Delays and increased costs at former Carillion projects

A National Audit Office (NAO) report published on 17 January reveals that the two PFI hospitals Carillion was building at the time of its collapse – the Royal Liverpool University Hospital, and the Midland Metropolitan Hospital – are currently due for completion over five years, and nearly four years late, respectively.

However, says the report, Investigation into the ‘rescue’ of Carillion’s PFI hospital contracts, the government has ensured that most of the increased construction costs to date have been borne by the private PFI investors and Carillion, rather than the taxpayer.

The 646-bed Royal Liverpool, originally due to open in June 2017, is now forecast for completion over five years late, in autumn 2022, with the Liverpool University Hospitals NHS Foundation Trust having not yet set an opening date. The hospital is now predicted to cost over £1 bn to build and run, compared with the original £746 m – of which the taxpayer is expected to pay £739 m, a 1% reduction from the amount originally planned.

The 669-bed Midland Metropolitan, which was set to open in October 2018, should now open in July 2022, and cost at least £988 million to build and run – over £300 m more than the original £686 m – of which taxpayers are expected to pay £709 m, 3% up on the original figure. To date, shareholders, investors, insurers, and Carillion have lost ‘at least £603 m’ on the construction of both projects.

The full extent of construction problems at Royal Liverpool began emerging after Carillion collapsed, and during 2018. The new construction contractor has had to strip out three floors and start major work to reinforce the structure with steelwork and additional reinforced concrete.

The Department of Health & Social Care (DHSC) paid £42 m in compensation to the Royal Liverpool’s investors to terminate the PFI contract, which required the Trust to pay compensation to the PFI company’s lenders, based largely on the estimated completion cost, before that actual cost was known. The NAO says that, had the Department and Trust better understood this cost, ‘they may not have paid anything to the lenders’.
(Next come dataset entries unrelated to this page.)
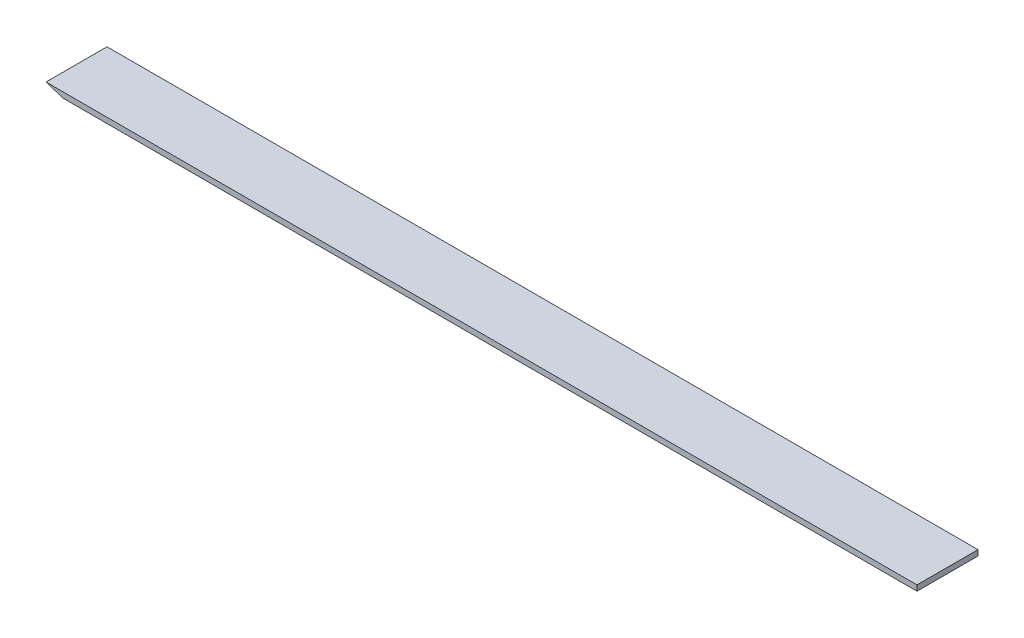
from build123d import *

# Parameters (mm, degrees)
BOSS_EXTRUDE1_DEPTH = 100


with BuildPart() as part:
    # Sketch1 → Boss-Extrude1 (new body)
    with BuildSketch(Plane.XY):
        Polygon((0, 0), (1428, 0), (1428, -9), (28, -9), align=None)
    extrude(amount=BOSS_EXTRUDE1_DEPTH)


solid = part.part

The new suppliers for both the Trusts were chosen without competition. After the termination of the PFI contract, the Liverpool Trust agreed contracts with several new suppliers without a public procurement process so as to restart the Liverpool project without further delay, The Sandwell and West Birmingham Hospitals NHS Trust ran a 15-month-long public procurement for the contract to complete Midland Metropolitan, attracting just a single viable bidder.

The NAO says ‘there are significant risks of further delays and added costs’ at the hospitals, although ‘their situations are different’. Both Trusts are now directly managing the contracts with new construction firms. At Midland Metropolitan, the Sandwell Trust has negotiated a ‘target price’ for work by Balfour Beatty. The NAO maintains that ‘prices should not rise unless the Trust changes the project’s scope or there are unforeseen problems with Carillion’s work’. At the Royal Liverpool, new main contractor, Laing O’Rourke, ‘has no contractual incentives to control costs.’ NHS England and NHS Improvement have worked with the Liverpool Trust ‘to develop additional oversight arrangements’ – such as using an independent construction consultancy ‘to advise on the appropriateness of costs’.